Records from a collection
▬▬▬
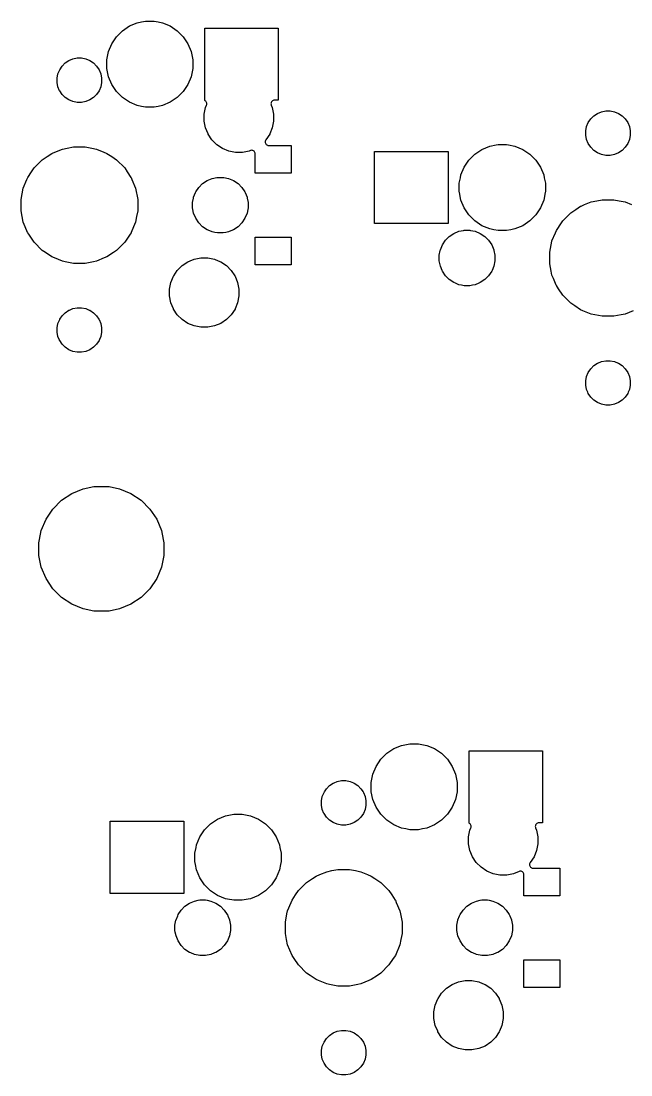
# Model space of a CAD drawing. Extents: x 70 to 347, y -163 to -55.
# Drawn here: x 273.3 to 295.27, y -152.06 to -114.09 of the extents above; entities that cross this region are included whole.
import ezdxf

# ---------------------------------------------------------------- set-up
doc = ezdxf.new("R2010")
doc.units = 0
doc.layers.add('BLACK', color=7, linetype='CONTINUOUS')

msp = doc.modelspace()

# ---------------------------------------------------------------- linework, layer by layer
at = {"layer": 'BLACK', "linetype": 'CONTINUOUS'}
for p, q in [((276.948, -114.441), (277.202, -114.272)), ((277.202, -114.272), (277.484, -114.155)), ((277.484, -114.155), (277.634, -114.125)), ((277.634, -114.125), (277.784, -114.095)), ((277.784, -114.095), (278.089, -114.095)), ((278.089, -114.095), (278.239, -114.125)), ((278.239, -114.125), (278.389, -114.155)), ((278.389, -114.155), (278.671, -114.272)), ((278.671, -114.272), (278.925, -114.441)), ((276.562, -114.912), (276.732, -114.657)), ((276.732, -114.657), (276.948, -114.441)), ((278.925, -114.441), (279.141, -114.657)), ((279.141, -114.657), (279.311, -114.912)), ((279.913, -116.956), (279.913, -114.345)), ((279.913, -114.345), (282.565, -114.345)), ((282.565, -114.345), (282.565, -116.947)), ((276.445, -115.194), (276.562, -114.912)), ((279.311, -114.912), (279.428, -115.194)), ((276.386, -115.493), (276.445, -115.194)), ((276.445, -115.194), (276.445, -115.194)), ((279.428, -115.194), (279.428, -115.194)), ((279.428, -115.194), (279.488, -115.493)), ((274.687, -115.847), (274.774, -115.716)), ((274.774, -115.716), (274.886, -115.604)), ((274.886, -115.604), (275.017, -115.516)), ((275.017, -115.516), (275.163, -115.456)), ((275.017, -115.516), (275.017, -115.516)), ((275.163, -115.456), (275.318, -115.425)), ((275.318, -115.425), (275.475, -115.425)), ((275.475, -115.425), (275.63, -115.456)), ((275.63, -115.456), (275.776, -115.516)), ((275.776, -115.516), (275.776, -115.516)), ((275.776, -115.516), (275.907, -115.604)), ((275.907, -115.604), (276.019, -115.716)), ((276.019, -115.716), (276.106, -115.847)), ((276.386, -115.799), (276.386, -115.493)), ((276.445, -116.099), (276.386, -115.799)), ((276.386, -115.799), (276.386, -115.799)), ((279.488, -115.799), (279.428, -116.099)), ((279.488, -115.493), (279.488, -115.799)), ((279.488, -115.799), (279.488, -115.799)), ((274.596, -116.147), (274.626, -115.993)), ((274.596, -116.305), (274.596, -116.147)), ((274.626, -115.993), (274.687, -115.847)), ((274.687, -115.847), (274.687, -115.847)), ((276.106, -115.847), (276.106, -115.847)), ((276.106, -115.847), (276.167, -115.993)), ((276.167, -115.993), (276.198, -116.147)), ((276.198, -116.147), (276.198, -116.305)), ((276.562, -116.381), (276.445, -116.099)), ((279.428, -116.099), (279.311, -116.381)), ((274.626, -116.46), (274.596, -116.305)), ((274.686, -116.604), (274.626, -116.46)), ((276.167, -116.46), (276.107, -116.604)), ((276.198, -116.305), (276.167, -116.46)), ((276.732, -116.635), (276.562, -116.381)), ((279.311, -116.381), (279.141, -116.635)), ((274.687, -116.606), (274.686, -116.604)), ((274.774, -116.737), (274.687, -116.606)), ((274.886, -116.848), (274.774, -116.737)), ((275.017, -116.936), (274.886, -116.848)), ((275.163, -116.996), (275.017, -116.936)), ((275.017, -116.936), (275.017, -116.936)), ((275.017, -116.936), (275.017, -116.936)), ((275.776, -116.936), (275.63, -116.996)), ((275.907, -116.848), (275.776, -116.936)), ((275.776, -116.936), (275.776, -116.936)), ((275.776, -116.936), (275.776, -116.936)), ((276.019, -116.737), (275.907, -116.848)), ((276.106, -116.606), (276.019, -116.737)), ((276.107, -116.604), (276.106, -116.606)), ((276.948, -116.851), (276.732, -116.635)), ((277.202, -117.021), (276.948, -116.851)), ((278.925, -116.851), (278.671, -117.021)), ((279.141, -116.635), (278.925, -116.851)), ((275.318, -117.027), (275.163, -116.996)), ((275.475, -117.027), (275.318, -117.027)), ((275.63, -116.996), (275.475, -117.027)), ((277.484, -117.138), (277.202, -117.021)), ((277.634, -117.167), (277.484, -117.138)), ((277.784, -117.197), (277.634, -117.167)), ((278.089, -117.197), (277.784, -117.197)), ((278.239, -117.167), (278.089, -117.197)), ((278.389, -117.138), (278.239, -117.167)), ((278.671, -117.021), (278.389, -117.138)), ((279.896, -117.453), (279.944, -117.211)), ((279.914, -116.957), (279.913, -116.956)), ((279.935, -116.968), (279.914, -116.957)), ((279.954, -116.984), (279.935, -116.968)), ((279.944, -117.211), (279.981, -117.12)), ((279.97, -117.003), (279.954, -116.984)), ((279.981, -117.024), (279.97, -117.003)), ((279.989, -117.048), (279.981, -117.024)), ((279.981, -117.12), (279.989, -117.097)), ((279.991, -117.072), (279.989, -117.048)), ((279.989, -117.097), (279.991, -117.072)), ((282.305, -117.048), (282.302, -117.072)), ((282.302, -117.072), (282.305, -117.097)), ((282.312, -117.024), (282.305, -117.048)), ((282.305, -117.097), (282.312, -117.12)), ((282.323, -117.003), (282.312, -117.024)), ((282.312, -117.12), (282.35, -117.211)), ((282.339, -116.984), (282.323, -117.003)), ((282.358, -116.968), (282.339, -116.984)), ((282.35, -117.211), (282.398, -117.453)), ((282.379, -116.957), (282.358, -116.968)), ((282.403, -116.95), (282.379, -116.957)), ((282.427, -116.947), (282.403, -116.95)), ((282.565, -116.947), (282.427, -116.947)), ((279.896, -117.699), (279.896, -117.453)), ((282.398, -117.453), (282.398, -117.699)), ((293.737, -117.752), (293.824, -117.621)), ((293.824, -117.621), (293.936, -117.509)), ((293.936, -117.509), (294.067, -117.421)), ((294.067, -117.421), (294.213, -117.361)), ((294.067, -117.421), (294.067, -117.421)), ((294.213, -117.361), (294.368, -117.33)), ((294.368, -117.33), (294.525, -117.33)), ((294.525, -117.33), (294.68, -117.361)), ((294.68, -117.361), (294.826, -117.421)), ((294.826, -117.421), (294.826, -117.421)), ((294.826, -117.421), (294.957, -117.509)), ((294.957, -117.509), (295.069, -117.621)), ((295.069, -117.621), (295.156, -117.752)), ((279.944, -117.941), (279.896, -117.699)), ((280.032, -118.155), (279.944, -117.941)), ((282.35, -117.941), (282.261, -118.155)), ((282.398, -117.699), (282.35, -117.941)), ((293.646, -118.052), (293.676, -117.898)), ((293.646, -118.21), (293.646, -118.052)), ((293.676, -117.898), (293.737, -117.752)), ((293.737, -117.752), (293.737, -117.752)), ((295.156, -117.752), (295.156, -117.752)), ((295.156, -117.752), (295.217, -117.898)), ((295.217, -117.898), (295.248, -118.052)), ((295.248, -118.052), (295.248, -118.21)), ((280.038, -118.169), (280.032, -118.155)), ((280.175, -118.374), (280.038, -118.169)), ((280.349, -118.548), (280.175, -118.374)), ((282.095, -118.426), (282.093, -118.45)), ((282.093, -118.45), (282.095, -118.475)), ((282.102, -118.402), (282.095, -118.426)), ((282.114, -118.381), (282.102, -118.402)), ((282.118, -118.374), (282.114, -118.381)), ((282.255, -118.169), (282.118, -118.374)), ((282.118, -118.374), (282.118, -118.374)), ((282.261, -118.155), (282.255, -118.169)), ((293.676, -118.365), (293.646, -118.21)), ((293.737, -118.511), (293.676, -118.365)), ((295.217, -118.365), (295.156, -118.511)), ((295.248, -118.21), (295.217, -118.365)), ((274.425, -118.855), (274.513, -118.818)), ((274.513, -118.818), (274.784, -118.706)), ((274.784, -118.706), (274.952, -118.672)), ((274.952, -118.672), (275.19, -118.625)), ((275.19, -118.625), (275.604, -118.625)), ((275.604, -118.625), (275.841, -118.672)), ((275.841, -118.672), (276.009, -118.706)), ((276.009, -118.706), (276.28, -118.818)), ((276.28, -118.818), (276.368, -118.855)), ((280.554, -118.685), (280.349, -118.548)), ((280.782, -118.779), (280.554, -118.685)), ((280.554, -118.685), (280.554, -118.685)), ((280.554, -118.685), (280.554, -118.685)), ((281.023, -118.827), (280.782, -118.779)), ((281.27, -118.827), (281.023, -118.827)), ((281.511, -118.779), (281.27, -118.827)), ((281.558, -118.76), (281.511, -118.779)), ((281.581, -118.753), (281.558, -118.76)), ((281.606, -118.75), (281.581, -118.753)), ((281.63, -118.753), (281.606, -118.75)), ((281.653, -118.76), (281.63, -118.753)), ((281.675, -118.772), (281.653, -118.76)), ((281.694, -118.787), (281.675, -118.772)), ((281.71, -118.806), (281.694, -118.787)), ((281.721, -118.828), (281.71, -118.806)), ((281.728, -118.851), (281.721, -118.828)), ((282.095, -118.475), (282.102, -118.498)), ((282.102, -118.498), (282.114, -118.52)), ((282.114, -118.52), (282.129, -118.539)), ((282.129, -118.539), (282.148, -118.554)), ((282.148, -118.554), (282.17, -118.566)), ((282.17, -118.566), (282.193, -118.573)), ((282.193, -118.573), (282.218, -118.575)), ((282.218, -118.575), (283.033, -118.575)), ((283.033, -118.575), (283.033, -119.577)), ((286.036, -121.392), (286.036, -118.79)), ((286.036, -118.79), (288.688, -118.79)), ((288.688, -118.79), (288.688, -121.392)), ((289.648, -118.886), (289.902, -118.717)), ((289.902, -118.717), (290.184, -118.6)), ((290.184, -118.6), (290.414, -118.554)), ((290.414, -118.554), (290.484, -118.54)), ((290.484, -118.54), (290.789, -118.54)), ((290.789, -118.54), (290.859, -118.554)), ((290.859, -118.554), (291.089, -118.6)), ((291.089, -118.6), (291.371, -118.717)), ((291.371, -118.717), (291.625, -118.886)), ((293.824, -118.642), (293.737, -118.511)), ((293.737, -118.511), (293.737, -118.511)), ((293.936, -118.753), (293.824, -118.642)), ((294.067, -118.841), (293.936, -118.753)), ((294.957, -118.753), (294.826, -118.841)), ((295.069, -118.642), (294.957, -118.753)), ((295.156, -118.511), (295.069, -118.642)), ((295.156, -118.511), (295.156, -118.511)), ((273.765, -119.387), (274.057, -119.094)), ((274.057, -119.094), (274.232, -118.977)), ((274.232, -118.977), (274.401, -118.864)), ((274.401, -118.864), (274.425, -118.855)), ((276.368, -118.855), (276.392, -118.864)), ((276.392, -118.864), (276.561, -118.977)), ((276.561, -118.977), (276.736, -119.094)), ((276.736, -119.094), (277.029, -119.387)), ((281.731, -118.875), (281.728, -118.851)), ((281.731, -119.577), (281.731, -118.875)), ((289.262, -119.357), (289.432, -119.103)), ((289.432, -119.103), (289.648, -118.886)), ((291.625, -118.886), (291.841, -119.103)), ((291.841, -119.103), (292.011, -119.357)), ((294.213, -118.901), (294.067, -118.841)), ((294.067, -118.841), (294.067, -118.841)), ((294.067, -118.841), (294.067, -118.841)), ((294.368, -118.932), (294.213, -118.901)), ((294.525, -118.932), (294.368, -118.932)), ((294.68, -118.901), (294.525, -118.932)), ((294.826, -118.841), (294.68, -118.901)), ((294.826, -118.841), (294.826, -118.841)), ((294.826, -118.841), (294.826, -118.841)), ((273.539, -119.725), (273.675, -119.521)), ((273.675, -119.521), (273.765, -119.387)), ((277.029, -119.387), (277.118, -119.521)), ((277.118, -119.521), (277.255, -119.725)), ((283.033, -119.577), (281.731, -119.577)), ((289.145, -119.639), (289.262, -119.357)), ((292.011, -119.357), (292.128, -119.639)), ((273.376, -120.113), (273.505, -119.803)), ((273.505, -119.803), (273.535, -119.731)), ((273.535, -119.731), (273.539, -119.725)), ((277.255, -119.725), (277.258, -119.731)), ((277.258, -119.731), (277.288, -119.803)), ((277.288, -119.803), (277.417, -120.113)), ((279.699, -120.088), (279.838, -119.949)), ((279.838, -119.949), (280.002, -119.839)), ((280.002, -119.839), (280.185, -119.764)), ((280.185, -119.764), (280.349, -119.731)), ((280.349, -119.731), (280.378, -119.725)), ((280.378, -119.725), (280.575, -119.725)), ((280.575, -119.725), (280.604, -119.731)), ((280.604, -119.731), (280.769, -119.764)), ((280.769, -119.764), (280.951, -119.839)), ((280.951, -119.839), (281.115, -119.949)), ((281.115, -119.949), (281.254, -120.088)), ((289.086, -119.938), (289.126, -119.737)), ((289.086, -120.244), (289.086, -119.938)), ((289.126, -119.737), (289.145, -119.639)), ((292.128, -119.639), (292.148, -119.737)), ((292.148, -119.737), (292.188, -119.938)), ((292.188, -119.938), (292.188, -120.244)), ((273.296, -120.519), (273.376, -120.113)), ((273.376, -120.113), (273.376, -120.113)), ((277.417, -120.113), (277.417, -120.113)), ((277.417, -120.113), (277.498, -120.519)), ((279.514, -120.434), (279.581, -120.274)), ((279.581, -120.274), (279.59, -120.252)), ((279.59, -120.252), (279.595, -120.244)), ((279.595, -120.244), (279.699, -120.088)), ((281.254, -120.088), (281.358, -120.244)), ((281.358, -120.244), (281.364, -120.252)), ((281.364, -120.252), (281.373, -120.274)), ((281.373, -120.274), (281.439, -120.434)), ((289.092, -120.274), (289.086, -120.244)), ((289.145, -120.544), (289.092, -120.274)), ((292.182, -120.274), (292.128, -120.544)), ((292.188, -120.244), (292.182, -120.274)), ((273.296, -120.933), (273.296, -120.519)), ((277.498, -120.519), (277.498, -120.933)), ((279.476, -120.628), (279.505, -120.478)), ((279.476, -120.825), (279.476, -120.628)), ((279.505, -120.478), (279.514, -120.434)), ((281.439, -120.434), (281.448, -120.478)), ((281.448, -120.478), (281.478, -120.628)), ((281.478, -120.628), (281.478, -120.825)), ((289.262, -120.826), (289.145, -120.544)), ((292.128, -120.544), (292.011, -120.826)), ((293.475, -120.76), (293.598, -120.709)), ((293.598, -120.709), (293.834, -120.611)), ((293.834, -120.611), (294.043, -120.569)), ((294.043, -120.569), (294.24, -120.53)), ((294.24, -120.53), (294.654, -120.53)), ((294.654, -120.53), (294.851, -120.569)), ((294.851, -120.569), (295.059, -120.611)), ((295.059, -120.611), (295.296, -120.709)), ((273.335, -121.13), (273.296, -120.933)), ((277.498, -120.933), (277.459, -121.13)), ((279.486, -120.879), (279.476, -120.825)), ((279.514, -121.018), (279.486, -120.879)), ((279.59, -121.2), (279.514, -121.018)), ((281.439, -121.018), (281.364, -121.2)), ((281.467, -120.879), (281.439, -121.018)), ((281.478, -120.825), (281.467, -120.879)), ((289.432, -121.08), (289.262, -120.826)), ((289.648, -121.296), (289.432, -121.08)), ((291.841, -121.08), (291.625, -121.296)), ((292.011, -120.826), (291.841, -121.08)), ((292.815, -121.292), (293.107, -120.999)), ((293.107, -120.999), (293.287, -120.879)), ((293.287, -120.879), (293.451, -120.769)), ((293.451, -120.769), (293.475, -120.76)), ((273.376, -121.339), (273.335, -121.13)), ((273.445, -121.504), (273.376, -121.339)), ((277.417, -121.339), (277.349, -121.504)), ((277.459, -121.13), (277.417, -121.339)), ((279.699, -121.364), (279.59, -121.2)), ((279.838, -121.504), (279.699, -121.364)), ((281.254, -121.364), (281.115, -121.504)), ((281.364, -121.2), (281.254, -121.364)), ((288.688, -121.392), (286.036, -121.392)), ((289.902, -121.466), (289.648, -121.296)), ((290.184, -121.583), (289.902, -121.466)), ((291.371, -121.466), (291.089, -121.583)), ((291.625, -121.296), (291.371, -121.466)), ((292.585, -121.636), (292.766, -121.364)), ((292.766, -121.364), (292.815, -121.292)), ((273.532, -121.715), (273.445, -121.504)), ((273.535, -121.721), (273.532, -121.715)), ((273.57, -121.775), (273.535, -121.721)), ((273.765, -122.066), (273.57, -121.775)), ((277.223, -121.775), (277.029, -122.066)), ((277.258, -121.721), (277.223, -121.775)), ((277.261, -121.715), (277.258, -121.721)), ((277.349, -121.504), (277.261, -121.715)), ((280.002, -121.613), (279.838, -121.504)), ((280.043, -121.63), (280.002, -121.613)), ((280.002, -121.613), (280.002, -121.613)), ((280.002, -121.613), (280.002, -121.613)), ((280.185, -121.689), (280.043, -121.63)), ((280.281, -121.708), (280.185, -121.689)), ((280.378, -121.727), (280.281, -121.708)), ((280.575, -121.727), (280.378, -121.727)), ((280.672, -121.708), (280.575, -121.727)), ((280.769, -121.689), (280.672, -121.708)), ((280.91, -121.63), (280.769, -121.689)), ((280.951, -121.613), (280.91, -121.63)), ((281.115, -121.504), (280.951, -121.613)), ((280.951, -121.613), (280.951, -121.613)), ((280.951, -121.613), (280.951, -121.613)), ((288.589, -121.993), (288.728, -121.854)), ((288.728, -121.854), (288.892, -121.744)), ((288.892, -121.744), (289.075, -121.669)), ((289.075, -121.669), (289.239, -121.636)), ((289.239, -121.636), (289.268, -121.63)), ((289.268, -121.63), (289.465, -121.63)), ((289.465, -121.63), (289.494, -121.636)), ((289.494, -121.636), (289.659, -121.669)), ((289.659, -121.669), (289.841, -121.744)), ((289.841, -121.744), (290.005, -121.854)), ((290.005, -121.854), (290.144, -121.993)), ((290.334, -121.612), (290.184, -121.583)), ((290.484, -121.642), (290.334, -121.612)), ((290.789, -121.642), (290.484, -121.642)), ((290.939, -121.612), (290.789, -121.642)), ((291.089, -121.583), (290.939, -121.612)), ((292.426, -122.018), (292.549, -121.721)), ((292.549, -121.721), (292.585, -121.636)), ((292.585, -121.636), (292.585, -121.636)), ((274.057, -122.358), (273.765, -122.066)), ((277.029, -122.066), (276.736, -122.358)), ((281.731, -122.877), (281.731, -121.875)), ((281.731, -121.875), (283.033, -121.875)), ((283.033, -121.875), (283.033, -122.877)), ((288.404, -122.339), (288.48, -122.157)), ((288.48, -122.157), (288.589, -121.993)), ((290.144, -121.993), (290.254, -122.157)), ((290.254, -122.157), (290.329, -122.339)), ((292.346, -122.424), (292.425, -122.027)), ((292.425, -122.027), (292.426, -122.018)), ((274.173, -122.435), (274.057, -122.358)), ((274.401, -122.588), (274.173, -122.435)), ((274.498, -122.628), (274.401, -122.588)), ((274.401, -122.588), (274.401, -122.588)), ((274.401, -122.588), (274.401, -122.588)), ((274.784, -122.746), (274.498, -122.628)), ((276.295, -122.628), (276.009, -122.746)), ((276.392, -122.588), (276.295, -122.628)), ((276.621, -122.435), (276.392, -122.588)), ((276.392, -122.588), (276.392, -122.588)), ((276.392, -122.588), (276.392, -122.588)), ((276.736, -122.358), (276.621, -122.435)), ((279.532, -122.673), (279.773, -122.625)), ((279.773, -122.625), (280.02, -122.625)), ((280.02, -122.625), (280.261, -122.673)), ((288.366, -122.533), (288.399, -122.364)), ((288.366, -122.73), (288.366, -122.533)), ((288.399, -122.364), (288.404, -122.339)), ((290.329, -122.339), (290.334, -122.364)), ((290.334, -122.364), (290.368, -122.533)), ((290.368, -122.533), (290.368, -122.73)), ((292.346, -122.838), (292.346, -122.424)), ((274.89, -122.768), (274.784, -122.746)), ((275.19, -122.827), (274.89, -122.768)), ((275.604, -122.827), (275.19, -122.827)), ((275.903, -122.768), (275.604, -122.827)), ((276.009, -122.746), (275.903, -122.768)), ((278.925, -123.079), (279.099, -122.904)), ((279.099, -122.904), (279.304, -122.768)), ((279.304, -122.768), (279.393, -122.731)), ((279.393, -122.731), (279.532, -122.673)), ((280.261, -122.673), (280.401, -122.731)), ((280.401, -122.731), (280.489, -122.768)), ((280.489, -122.768), (280.694, -122.904)), ((280.694, -122.904), (280.868, -123.079)), ((283.033, -122.877), (281.731, -122.877)), ((288.404, -122.923), (288.366, -122.73)), ((288.467, -123.076), (288.404, -122.923)), ((290.329, -122.923), (290.266, -123.076)), ((290.368, -122.73), (290.329, -122.923)), ((292.399, -123.105), (292.346, -122.838)), ((278.694, -123.511), (278.788, -123.284)), ((278.788, -123.284), (278.798, -123.269)), ((278.798, -123.269), (278.925, -123.079)), ((280.868, -123.079), (280.996, -123.269)), ((280.996, -123.269), (281.005, -123.284)), ((281.005, -123.284), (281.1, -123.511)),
▬▬▬
- _Problem to work on_
Identify every line above with the string "CONTINUOUS" in it. Copy those lines.

- _Written response_
doc.layers.add('BLACK', color=7, linetype='CONTINUOUS')
at = {"layer": 'BLACK', "linetype": 'CONTINUOUS'}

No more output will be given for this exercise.